┌──

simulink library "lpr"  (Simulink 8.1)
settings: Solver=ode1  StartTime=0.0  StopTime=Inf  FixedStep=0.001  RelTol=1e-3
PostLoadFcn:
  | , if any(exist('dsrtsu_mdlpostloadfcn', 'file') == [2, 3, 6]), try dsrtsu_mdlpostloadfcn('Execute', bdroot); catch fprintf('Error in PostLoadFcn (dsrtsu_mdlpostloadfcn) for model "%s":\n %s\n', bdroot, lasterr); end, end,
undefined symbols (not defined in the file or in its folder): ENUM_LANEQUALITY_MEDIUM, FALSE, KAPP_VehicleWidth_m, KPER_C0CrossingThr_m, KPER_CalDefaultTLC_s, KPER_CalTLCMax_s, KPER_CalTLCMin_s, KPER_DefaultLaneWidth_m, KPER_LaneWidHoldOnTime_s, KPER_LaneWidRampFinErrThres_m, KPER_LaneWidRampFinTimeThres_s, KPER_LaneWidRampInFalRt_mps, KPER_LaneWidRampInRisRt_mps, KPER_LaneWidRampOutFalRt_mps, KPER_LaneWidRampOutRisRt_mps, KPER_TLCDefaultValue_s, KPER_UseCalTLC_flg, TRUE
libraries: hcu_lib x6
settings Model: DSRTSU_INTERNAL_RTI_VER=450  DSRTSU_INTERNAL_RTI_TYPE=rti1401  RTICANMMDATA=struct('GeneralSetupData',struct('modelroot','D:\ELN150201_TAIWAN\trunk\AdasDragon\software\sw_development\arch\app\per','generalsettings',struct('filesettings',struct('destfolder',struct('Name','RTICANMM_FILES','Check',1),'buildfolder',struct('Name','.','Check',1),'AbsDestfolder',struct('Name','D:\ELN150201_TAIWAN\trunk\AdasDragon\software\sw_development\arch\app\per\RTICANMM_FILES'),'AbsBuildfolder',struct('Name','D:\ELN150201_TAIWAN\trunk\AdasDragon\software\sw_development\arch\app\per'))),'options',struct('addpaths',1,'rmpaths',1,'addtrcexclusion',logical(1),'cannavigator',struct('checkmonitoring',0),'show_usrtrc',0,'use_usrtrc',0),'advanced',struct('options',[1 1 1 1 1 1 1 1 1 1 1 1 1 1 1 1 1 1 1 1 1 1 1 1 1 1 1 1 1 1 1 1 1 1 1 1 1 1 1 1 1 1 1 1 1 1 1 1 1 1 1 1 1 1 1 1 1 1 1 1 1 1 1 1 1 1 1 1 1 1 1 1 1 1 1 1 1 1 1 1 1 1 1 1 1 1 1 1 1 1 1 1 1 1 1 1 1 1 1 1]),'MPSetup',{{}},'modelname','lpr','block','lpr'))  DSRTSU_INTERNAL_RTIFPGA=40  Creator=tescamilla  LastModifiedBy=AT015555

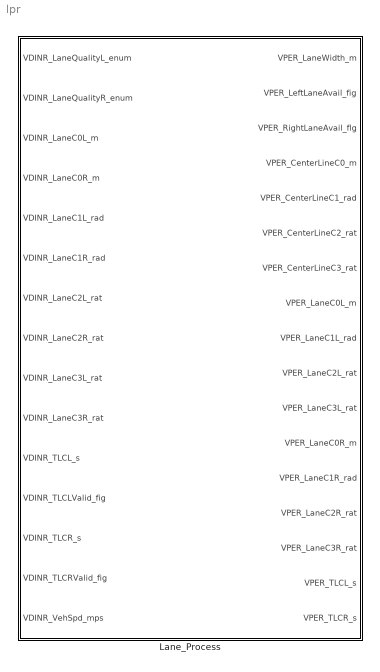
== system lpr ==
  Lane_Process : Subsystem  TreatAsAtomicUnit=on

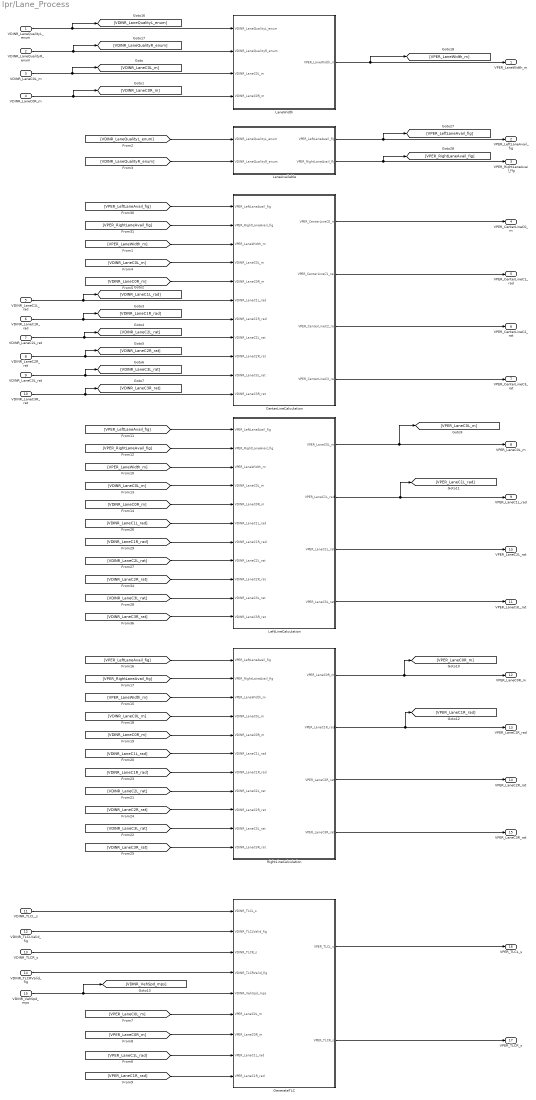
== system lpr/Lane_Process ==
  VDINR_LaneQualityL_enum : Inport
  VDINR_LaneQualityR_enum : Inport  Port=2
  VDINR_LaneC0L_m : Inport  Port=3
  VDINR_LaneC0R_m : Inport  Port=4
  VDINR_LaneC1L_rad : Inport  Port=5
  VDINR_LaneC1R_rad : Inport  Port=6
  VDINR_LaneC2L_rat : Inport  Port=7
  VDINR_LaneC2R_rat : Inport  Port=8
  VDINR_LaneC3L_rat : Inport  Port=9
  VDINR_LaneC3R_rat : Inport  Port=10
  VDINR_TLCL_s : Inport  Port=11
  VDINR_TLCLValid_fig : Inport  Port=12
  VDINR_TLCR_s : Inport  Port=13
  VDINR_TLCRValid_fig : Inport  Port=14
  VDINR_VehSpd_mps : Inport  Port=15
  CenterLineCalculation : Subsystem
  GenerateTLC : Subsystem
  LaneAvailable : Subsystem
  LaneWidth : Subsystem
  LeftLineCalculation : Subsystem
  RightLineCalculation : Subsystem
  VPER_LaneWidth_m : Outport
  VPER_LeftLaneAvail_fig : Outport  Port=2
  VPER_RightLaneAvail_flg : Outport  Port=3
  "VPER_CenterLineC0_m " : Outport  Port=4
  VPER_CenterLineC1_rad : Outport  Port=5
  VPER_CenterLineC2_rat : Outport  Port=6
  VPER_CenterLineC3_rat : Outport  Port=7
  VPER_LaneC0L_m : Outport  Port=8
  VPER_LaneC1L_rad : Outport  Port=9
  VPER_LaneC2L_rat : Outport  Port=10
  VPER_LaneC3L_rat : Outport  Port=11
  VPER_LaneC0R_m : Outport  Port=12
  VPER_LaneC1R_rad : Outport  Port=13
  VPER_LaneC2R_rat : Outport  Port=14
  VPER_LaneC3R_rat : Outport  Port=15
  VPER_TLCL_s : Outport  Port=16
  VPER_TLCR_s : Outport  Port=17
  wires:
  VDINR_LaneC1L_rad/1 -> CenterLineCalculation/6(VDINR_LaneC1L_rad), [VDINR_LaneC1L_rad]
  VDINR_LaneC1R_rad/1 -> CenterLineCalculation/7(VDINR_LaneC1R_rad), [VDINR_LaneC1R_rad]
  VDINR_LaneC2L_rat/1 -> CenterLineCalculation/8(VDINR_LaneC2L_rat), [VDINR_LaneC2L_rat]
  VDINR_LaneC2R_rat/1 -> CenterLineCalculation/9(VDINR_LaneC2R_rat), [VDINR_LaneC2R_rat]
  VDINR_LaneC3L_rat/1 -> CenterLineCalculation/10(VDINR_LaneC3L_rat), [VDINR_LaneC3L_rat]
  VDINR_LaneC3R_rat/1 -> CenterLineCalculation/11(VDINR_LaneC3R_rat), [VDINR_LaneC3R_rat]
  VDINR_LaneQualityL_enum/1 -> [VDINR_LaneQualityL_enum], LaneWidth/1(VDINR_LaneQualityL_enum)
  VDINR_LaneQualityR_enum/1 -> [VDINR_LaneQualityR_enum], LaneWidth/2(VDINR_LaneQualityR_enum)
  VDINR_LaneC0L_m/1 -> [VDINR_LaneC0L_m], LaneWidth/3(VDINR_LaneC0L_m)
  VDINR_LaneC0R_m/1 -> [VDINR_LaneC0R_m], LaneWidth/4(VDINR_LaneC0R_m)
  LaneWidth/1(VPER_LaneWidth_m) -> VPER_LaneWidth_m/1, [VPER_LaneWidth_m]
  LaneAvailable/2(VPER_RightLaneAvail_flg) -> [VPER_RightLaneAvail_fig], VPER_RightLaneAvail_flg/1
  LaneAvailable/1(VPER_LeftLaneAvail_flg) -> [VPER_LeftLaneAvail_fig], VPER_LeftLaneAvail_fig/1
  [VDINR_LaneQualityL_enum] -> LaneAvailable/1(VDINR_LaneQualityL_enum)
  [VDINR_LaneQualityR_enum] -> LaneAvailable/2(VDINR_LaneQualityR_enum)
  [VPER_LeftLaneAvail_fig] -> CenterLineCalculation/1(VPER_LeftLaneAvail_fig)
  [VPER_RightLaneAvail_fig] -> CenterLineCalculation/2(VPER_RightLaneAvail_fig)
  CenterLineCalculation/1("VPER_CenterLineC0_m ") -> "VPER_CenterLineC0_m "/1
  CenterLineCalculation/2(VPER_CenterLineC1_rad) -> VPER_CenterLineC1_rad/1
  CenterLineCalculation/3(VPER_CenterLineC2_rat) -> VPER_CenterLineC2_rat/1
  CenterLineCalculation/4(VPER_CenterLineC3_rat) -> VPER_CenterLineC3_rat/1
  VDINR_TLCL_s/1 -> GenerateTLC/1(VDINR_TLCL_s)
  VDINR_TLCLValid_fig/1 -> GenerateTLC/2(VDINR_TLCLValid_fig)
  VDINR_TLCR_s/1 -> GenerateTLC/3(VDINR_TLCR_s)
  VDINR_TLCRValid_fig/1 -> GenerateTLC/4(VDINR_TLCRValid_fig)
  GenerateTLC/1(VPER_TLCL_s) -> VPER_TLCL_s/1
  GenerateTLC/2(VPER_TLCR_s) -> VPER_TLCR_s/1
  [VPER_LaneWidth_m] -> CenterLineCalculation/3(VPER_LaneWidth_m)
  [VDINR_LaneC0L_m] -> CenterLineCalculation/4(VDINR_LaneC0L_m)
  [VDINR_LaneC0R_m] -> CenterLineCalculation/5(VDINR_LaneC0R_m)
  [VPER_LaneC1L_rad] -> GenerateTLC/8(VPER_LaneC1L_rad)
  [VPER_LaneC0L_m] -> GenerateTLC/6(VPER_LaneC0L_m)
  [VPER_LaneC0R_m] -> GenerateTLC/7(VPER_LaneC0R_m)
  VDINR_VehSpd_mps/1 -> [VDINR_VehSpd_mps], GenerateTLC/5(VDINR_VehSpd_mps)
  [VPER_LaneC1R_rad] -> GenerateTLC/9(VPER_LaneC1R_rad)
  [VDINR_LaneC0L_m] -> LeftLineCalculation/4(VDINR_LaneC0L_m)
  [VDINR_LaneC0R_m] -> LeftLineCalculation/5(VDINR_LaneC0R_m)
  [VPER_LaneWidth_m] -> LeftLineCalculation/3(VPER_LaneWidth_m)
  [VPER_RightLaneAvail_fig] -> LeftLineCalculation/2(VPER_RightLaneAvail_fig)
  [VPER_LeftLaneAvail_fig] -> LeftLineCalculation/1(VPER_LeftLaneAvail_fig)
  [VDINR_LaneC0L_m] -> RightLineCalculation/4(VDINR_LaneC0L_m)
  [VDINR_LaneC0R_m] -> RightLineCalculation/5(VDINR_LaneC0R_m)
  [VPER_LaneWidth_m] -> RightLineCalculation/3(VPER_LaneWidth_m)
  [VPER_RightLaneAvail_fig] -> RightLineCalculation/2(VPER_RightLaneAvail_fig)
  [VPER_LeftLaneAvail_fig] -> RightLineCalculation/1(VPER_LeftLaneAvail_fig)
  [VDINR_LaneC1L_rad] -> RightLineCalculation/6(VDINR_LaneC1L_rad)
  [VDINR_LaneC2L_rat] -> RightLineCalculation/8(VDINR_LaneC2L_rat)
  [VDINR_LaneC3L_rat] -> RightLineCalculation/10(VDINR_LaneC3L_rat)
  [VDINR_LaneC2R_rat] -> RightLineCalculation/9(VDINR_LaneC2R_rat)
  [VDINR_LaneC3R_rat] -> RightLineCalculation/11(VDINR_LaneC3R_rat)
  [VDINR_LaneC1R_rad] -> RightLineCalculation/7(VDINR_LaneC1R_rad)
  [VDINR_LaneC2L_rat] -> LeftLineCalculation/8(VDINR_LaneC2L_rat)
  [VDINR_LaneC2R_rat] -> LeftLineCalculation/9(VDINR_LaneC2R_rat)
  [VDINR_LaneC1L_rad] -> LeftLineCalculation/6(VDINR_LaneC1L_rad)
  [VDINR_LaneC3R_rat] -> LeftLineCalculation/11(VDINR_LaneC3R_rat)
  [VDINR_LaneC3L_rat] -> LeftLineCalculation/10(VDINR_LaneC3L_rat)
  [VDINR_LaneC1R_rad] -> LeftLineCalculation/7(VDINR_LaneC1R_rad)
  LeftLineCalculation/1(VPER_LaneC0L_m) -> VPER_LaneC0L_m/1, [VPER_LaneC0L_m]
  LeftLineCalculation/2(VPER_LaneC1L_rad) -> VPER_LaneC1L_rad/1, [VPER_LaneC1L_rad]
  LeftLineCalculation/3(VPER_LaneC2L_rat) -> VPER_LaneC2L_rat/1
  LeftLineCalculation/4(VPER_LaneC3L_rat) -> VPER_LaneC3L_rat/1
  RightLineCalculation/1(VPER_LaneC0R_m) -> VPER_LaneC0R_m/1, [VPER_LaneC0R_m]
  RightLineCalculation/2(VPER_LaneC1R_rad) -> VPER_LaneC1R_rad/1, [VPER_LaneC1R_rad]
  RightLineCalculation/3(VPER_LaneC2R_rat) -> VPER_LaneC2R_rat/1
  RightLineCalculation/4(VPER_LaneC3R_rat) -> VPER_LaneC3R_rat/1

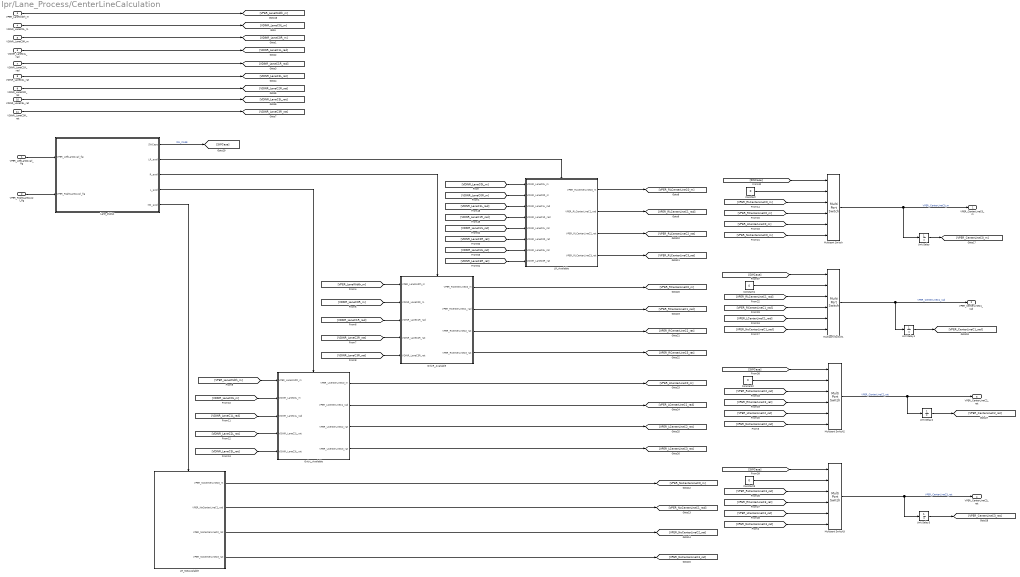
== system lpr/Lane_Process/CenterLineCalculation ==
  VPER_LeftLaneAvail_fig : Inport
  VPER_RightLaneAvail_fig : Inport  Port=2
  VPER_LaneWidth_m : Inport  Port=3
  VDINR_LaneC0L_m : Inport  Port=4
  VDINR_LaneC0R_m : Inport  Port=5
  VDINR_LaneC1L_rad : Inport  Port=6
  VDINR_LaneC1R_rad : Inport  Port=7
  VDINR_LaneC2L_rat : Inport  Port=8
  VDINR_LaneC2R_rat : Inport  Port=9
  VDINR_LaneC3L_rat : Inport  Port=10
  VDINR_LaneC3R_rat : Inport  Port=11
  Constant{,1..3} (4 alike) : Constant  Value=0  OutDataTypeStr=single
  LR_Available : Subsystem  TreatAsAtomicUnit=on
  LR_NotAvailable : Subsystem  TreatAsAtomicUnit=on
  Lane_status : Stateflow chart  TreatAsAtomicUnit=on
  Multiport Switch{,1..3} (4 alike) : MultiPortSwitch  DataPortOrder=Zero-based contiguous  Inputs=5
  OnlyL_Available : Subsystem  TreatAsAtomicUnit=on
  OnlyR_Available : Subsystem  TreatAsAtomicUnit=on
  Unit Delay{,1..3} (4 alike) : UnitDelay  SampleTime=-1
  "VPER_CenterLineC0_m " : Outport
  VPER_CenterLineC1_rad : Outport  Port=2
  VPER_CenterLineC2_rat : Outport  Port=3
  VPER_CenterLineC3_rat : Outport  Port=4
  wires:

└──

WORK TO BE COMPLETED — From the records above, retype only the lines starting at the line that contains "VDINR_TLCRValid_fig : Inport" and ending at the line that contains "VPER_RightLaneAvail_flg : Outport", both included.

EXERCISE RESULT —
  VDINR_TLCRValid_fig : Inport  Port=14
  VDINR_VehSpd_mps : Inport  Port=15
  CenterLineCalculation : Subsystem
  GenerateTLC : Subsystem
  LaneAvailable : Subsystem
  LaneWidth : Subsystem
  LeftLineCalculation : Subsystem
  RightLineCalculation : Subsystem
  VPER_LaneWidth_m : Outport
  VPER_LeftLaneAvail_fig : Outport  Port=2
  VPER_RightLaneAvail_flg : Outport  Port=3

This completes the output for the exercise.